# DecalGirl-Official KindleBoards thread



## Bill at DecalGirl (Oct 11, 2011)

Greetings KindleBoard members/readers!

My name is Bill from DecalGirl, and it is my great pleasure to introduce the official DecalGirl KindleBoards thread!

DecalGirl has been in business since 2003, and over the years we have grown from a 2 person operation in a basement to a company with over 30 employees and a 19000 sq ft facility in southern Delaware.

I am sure that a lot of KindleBoards members already have DecalGirl skins on your Kindles and other devices. If so, I would love to hear about your experiences with our products and I'll do my best to answer any questions you may have. If you do not yet have a DecalGirl skin for your Kindle I would be happy to answer any questions you might have, or point you in the right direction to get more information. I am looking forward to interacting with all of you!

Bill Bennett
decalgirl.com


----------



## shk246 (Mar 6, 2009)

Hi Bill,
I have a K2 and have a custom skin from your company.  I borrowed it from another customer.  It is a Hokusai Wave print.  I love it and have no trouble with it at all.  I now have an iPad that needs a skin and my daughter wants the Kindle Fire for Christmas.  She has also asked for a skin for that!  So we will be back to order more soon.


----------



## Betsy the Quilter (Oct 27, 2008)

Bill--

Welcome to KindleBoards!

Although, truthfully, our members have made DecalGirl a presence here for years...we love your products here. I still have a DecalGirl skin on my Kindle1, I bought DG skins for the grandkids, I had a DG skin on my old netbook and a DG skin was the first thing I bought for my latest netbook.










Love the ease of use, the way they hold up, the ease of removal...
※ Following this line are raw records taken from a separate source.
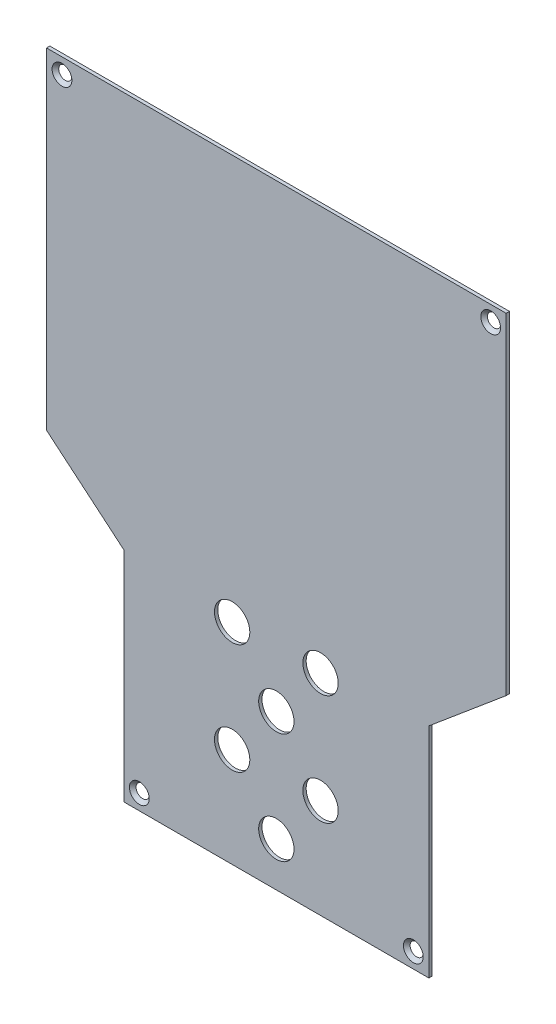
ISO-10303-21;
HEADER;
FILE_DESCRIPTION(('STEP AP214'),'2;1');
FILE_NAME('part.step','',(''),(''),'','','');
FILE_SCHEMA(('AUTOMOTIVE_DESIGN { 1 0 10303 214 1 1 1 1 }'));
ENDSEC;
DATA;
#1=APPLICATION_CONTEXT('core data for automotive mechanical design processes');
#2=APPLICATION_PROTOCOL_DEFINITION('international standard','automotive_design',2000,#1);
#3=PRODUCT_CONTEXT('',#1,'mechanical');
#4=PRODUCT('Part','Part','',(#3));
#5=PRODUCT_RELATED_PRODUCT_CATEGORY('part','',(#4));
#6=PRODUCT_DEFINITION_FORMATION('','',#4);
#7=PRODUCT_DEFINITION_CONTEXT('part definition',#1,'design');
#8=PRODUCT_DEFINITION('design','',#6,#7);
#9=PRODUCT_DEFINITION_SHAPE('','',#8);
#10=(LENGTH_UNIT() NAMED_UNIT(*) SI_UNIT(.MILLI.,.METRE.));
#11=(NAMED_UNIT(*) PLANE_ANGLE_UNIT() SI_UNIT($,.RADIAN.));
#12=(NAMED_UNIT(*) SI_UNIT($,.STERADIAN.) SOLID_ANGLE_UNIT());
#13=UNCERTAINTY_MEASURE_WITH_UNIT(LENGTH_MEASURE(1.E-05),#10,'distance_accuracy_value','');
#14=(GEOMETRIC_REPRESENTATION_CONTEXT(3) GLOBAL_UNCERTAINTY_ASSIGNED_CONTEXT((#13)) GLOBAL_UNIT_ASSIGNED_CONTEXT((#10,
#11,#12)) REPRESENTATION_CONTEXT('',''));
#15=CARTESIAN_POINT('',(0.,0.,0.));
#16=DIRECTION('',(0.,0.,1.));
#17=DIRECTION('',(1.,0.,0.));
#18=AXIS2_PLACEMENT_3D('',#15,#16,#17);
#19=CARTESIAN_POINT('',(0.,0.,0.));
#20=DIRECTION('',(0.,0.,1.));
#21=DIRECTION('',(1.,0.,0.));
#22=AXIS2_PLACEMENT_3D('',#19,#20,#21);
#23=PLANE('',#22);
#24=CARTESIAN_POINT('',(-100.139052355036,133.996609124538,0.));
#25=DIRECTION('',(0.,0.,1.));
#26=DIRECTION('',(1.,0.,0.));
#27=AXIS2_PLACEMENT_3D('',#24,#25,#26);
#28=CIRCLE('',#27,2.98);
#29=CARTESIAN_POINT('',(-97.1590523550359,133.996609124538,0.));
#30=VERTEX_POINT('',#29);
#31=EDGE_CURVE('E230',#30,#30,#28,.T.);
#32=ORIENTED_EDGE('',*,*,#31,.T.);
#33=EDGE_LOOP('',(#32));
#34=FACE_BOUND('',#33,.T.);
#35=CARTESIAN_POINT('',(58.860947644964,-130.003390875462,0.));
#36=DIRECTION('',(0.,0.,1.));
#37=DIRECTION('',(1.,0.,0.));
#38=AXIS2_PLACEMENT_3D('',#35,#36,#37);
#39=CIRCLE('',#38,2.98);
#40=CARTESIAN_POINT('',(61.840947644964,-130.003390875462,0.));
#41=VERTEX_POINT('',#40);
#42=EDGE_CURVE('E218',#41,#41,#39,.T.);
#43=ORIENTED_EDGE('',*,*,#42,.T.);
#44=EDGE_LOOP('',(#43));
#45=FACE_BOUND('',#44,.T.);
#46=CARTESIAN_POINT('',(-65.1390523550359,-130.003390875462,0.));
#47=DIRECTION('',(0.,0.,1.));
#48=DIRECTION('',(1.,0.,0.));
#49=AXIS2_PLACEMENT_3D('',#46,#47,#48);
#50=CIRCLE('',#49,2.98);
#51=CARTESIAN_POINT('',(-62.1590523550359,-130.003390875462,0.));
#52=VERTEX_POINT('',#51);
#53=EDGE_CURVE('E37',#52,#52,#50,.T.);
#54=ORIENTED_EDGE('',*,*,#53,.T.);
#55=EDGE_LOOP('',(#54));
#56=FACE_BOUND('',#55,.T.);
#57=DIRECTION('',(0.,1.,0.));
#58=VECTOR('',#57,1.);
#59=CARTESIAN_POINT('',(65.860947644964,-38.2109300542074,0.));
#60=LINE('',#59,#58);
#61=CARTESIAN_POINT('',(65.860947644964,-137.003390875462,0.));
#62=VERTEX_POINT('',#61);
#63=CARTESIAN_POINT('',(65.860947644964,-38.2109300542074,0.));
#64=VERTEX_POINT('',#63);
#65=EDGE_CURVE('E131',#62,#64,#60,.T.);
#66=ORIENTED_EDGE('',*,*,#65,.F.);
#67=DIRECTION('',(1.,0.,0.));
#68=VECTOR('',#67,1.);
#69=CARTESIAN_POINT('',(-72.1390523550359,-137.003390875462,0.));
#70=LINE('',#69,#68);
#71=CARTESIAN_POINT('',(-72.1390523550359,-137.003390875462,0.));
#72=VERTEX_POINT('',#71);
#73=EDGE_CURVE('E86',#72,#62,#70,.T.);
#74=ORIENTED_EDGE('',*,*,#73,.F.);
#75=DIRECTION('',(0.,-1.,0.));
#76=VECTOR('',#75,1.);
#77=CARTESIAN_POINT('',(-72.1390523550359,-38.2109300542074,0.));
#78=LINE('',#77,#76);
#79=CARTESIAN_POINT('',(-72.1390523550359,-38.2109300542074,0.));
#80=VERTEX_POINT('',#79);
#81=EDGE_CURVE('E80',#80,#72,#78,.T.);
#82=ORIENTED_EDGE('',*,*,#81,.F.);
#83=DIRECTION('',(0.766044443118979,-0.642787609686538,0.));
#84=VECTOR('',#83,1.);
#85=CARTESIAN_POINT('',(-107.139052355036,-8.84244296300268,0.));
#86=LINE('',#85,#84);
#87=CARTESIAN_POINT('',(-107.139052355036,-8.84244296300268,0.));
#88=VERTEX_POINT('',#87);
#89=EDGE_CURVE('E121',#88,#80,#86,.T.);
#90=ORIENTED_EDGE('',*,*,#89,.F.);
#91=DIRECTION('',(0.,-1.,0.));
#92=VECTOR('',#91,1.);
#93=CARTESIAN_POINT('',(-107.139052355036,140.996609124538,0.));
#94=LINE('',#93,#92);
#95=CARTESIAN_POINT('',(-107.139052355036,140.996609124538,0.));
#96=VERTEX_POINT('',#95);
#97=EDGE_CURVE('E141',#96,#88,#94,.T.);
#98=ORIENTED_EDGE('',*,*,#97,.F.);
#99=DIRECTION('',(-1.,0.,0.));
#100=VECTOR('',#99,1.);
#101=CARTESIAN_POINT('',(100.860947644964,140.996609124538,0.));
#102=LINE('',#101,#100);
#103=CARTESIAN_POINT('',(100.860947644964,140.996609124538,0.));
#104=VERTEX_POINT('',#103);
#105=EDGE_CURVE('E139',#104,#96,#102,.T.);
#106=ORIENTED_EDGE('',*,*,#105,.F.);
#107=DIRECTION('',(0.,1.,0.));
#108=VECTOR('',#107,1.);
#109=CARTESIAN_POINT('',(100.860947644964,140.996609124538,0.));
#110=LINE('',#109,#108);
#111=CARTESIAN_POINT('',(100.860947644964,-8.84244296300268,0.));
#112=VERTEX_POINT('',#111);
#113=EDGE_CURVE('E137',#112,#104,#110,.T.);
#114=ORIENTED_EDGE('',*,*,#113,.F.);
#115=DIRECTION('',(0.766044443118979,0.642787609686538,0.));
#116=VECTOR('',#115,1.);
#117=CARTESIAN_POINT('',(100.860947644964,-8.84244296300268,0.));
#118=LINE('',#117,#116);
#119=EDGE_CURVE('E134',#64,#112,#118,.T.);
#120=ORIENTED_EDGE('',*,*,#119,.F.);
#121=EDGE_LOOP('',(#66,#74,#82,#90,#98,#106,#114,#120));
#122=FACE_BOUND('',#121,.T.);
#123=CARTESIAN_POINT('',(-3.13905235503593,-117.003390875462,0.));
#124=DIRECTION('',(0.,0.,1.));
#125=DIRECTION('',(1.,0.,0.));
#126=AXIS2_PLACEMENT_3D('',#123,#124,#125);
#127=CIRCLE('',#126,8.00000000000001);
#128=CARTESIAN_POINT('',(4.86094764496407,-117.003390875462,0.));
#129=VERTEX_POINT('',#128);
#130=EDGE_CURVE('E135',#129,#129,#127,.T.);
#131=ORIENTED_EDGE('',*,*,#130,.T.);
#132=EDGE_LOOP('',(#131));
#133=FACE_BOUND('',#132,.T.);
#134=CARTESIAN_POINT('',(16.8609476449641,-42.0033908754623,0.));
#135=DIRECTION('',(0.,0.,1.));
#136=DIRECTION('',(-1.,0.,0.));
#137=AXIS2_PLACEMENT_3D('',#134,#135,#136);
#138=CIRCLE('',#137,8.);
#139=CARTESIAN_POINT('',(8.86094764496406,-42.0033908754623,0.));
#140=VERTEX_POINT('',#139);
#141=EDGE_CURVE('E183',#140,#140,#138,.T.);
#142=ORIENTED_EDGE('',*,*,#141,.T.);
#143=EDGE_LOOP('',(#142));
#144=FACE_BOUND('',#143,.T.);
#145=CARTESIAN_POINT('',(-23.1390523550359,-92.0033908754623,0.));
#146=DIRECTION('',(0.,0.,1.));
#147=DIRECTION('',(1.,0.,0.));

Thanks for joining KindleBoards!

Betsy


----------



## KBoards Admin (Nov 27, 2007)

Welcome to DecalGirl, and a big thank you to them for supporting our Kindle community!


----------



## kisala9906 (Sep 4, 2011)

Your skins look really nice, Unfortunately  you all don't offer an option to use your own photo's so I am getting mine somewhere else but have you ever considered or are able to add being able to upload your own pics to use for skins?


----------



## Betsy the Quilter (Oct 27, 2008)

Kisala,

I'm sure Bill will give more information, but DecalGirl did have a way to do custom skins--many of our members have had them made.  As I recall, the information on how to do so was somewhere slightly obscure...

Betsy


----------



## Bill at DecalGirl (Oct 11, 2011)

kisala9906 said:


> Your skins look really nice, Unfortunately you all don't offer an option to use your own photo's so I am getting mine somewhere else but have you ever considered or are able to add being able to upload your own pics to use for skins?


Hi Kisala,

Betsy is correct, we can do custom skins. We are working on a customizer tool that will launch soon, but you can have a custom skin made now. Here's what you do:

Contact [email protected] We will send you a Photoshop template to create art in via email, send it back to us and we will print your skin. Custom skins are an additional $5 over the retail price that is shown on our site.


----------



## kisala9906 (Sep 4, 2011)

Awesome! Thank you for the information! When I get ready to order mine I will defiantly do that then!


----------



## WolfePrincess73 (Dec 2, 2008)

Love DG skins! I have them on all my electronics. I have already narrowed down my choices for a skin for my new K-Touch. Just waiting to see if any of those choices will be available. Of course, I had to pick my next Oberon cover to go with the skins I like...LOL!


----------



## ayuryogini (Jan 3, 2010)

I've always loved your skins and had a lot of fun making my own for my K2; 

Is there any way you can add the cut lines back in to your template?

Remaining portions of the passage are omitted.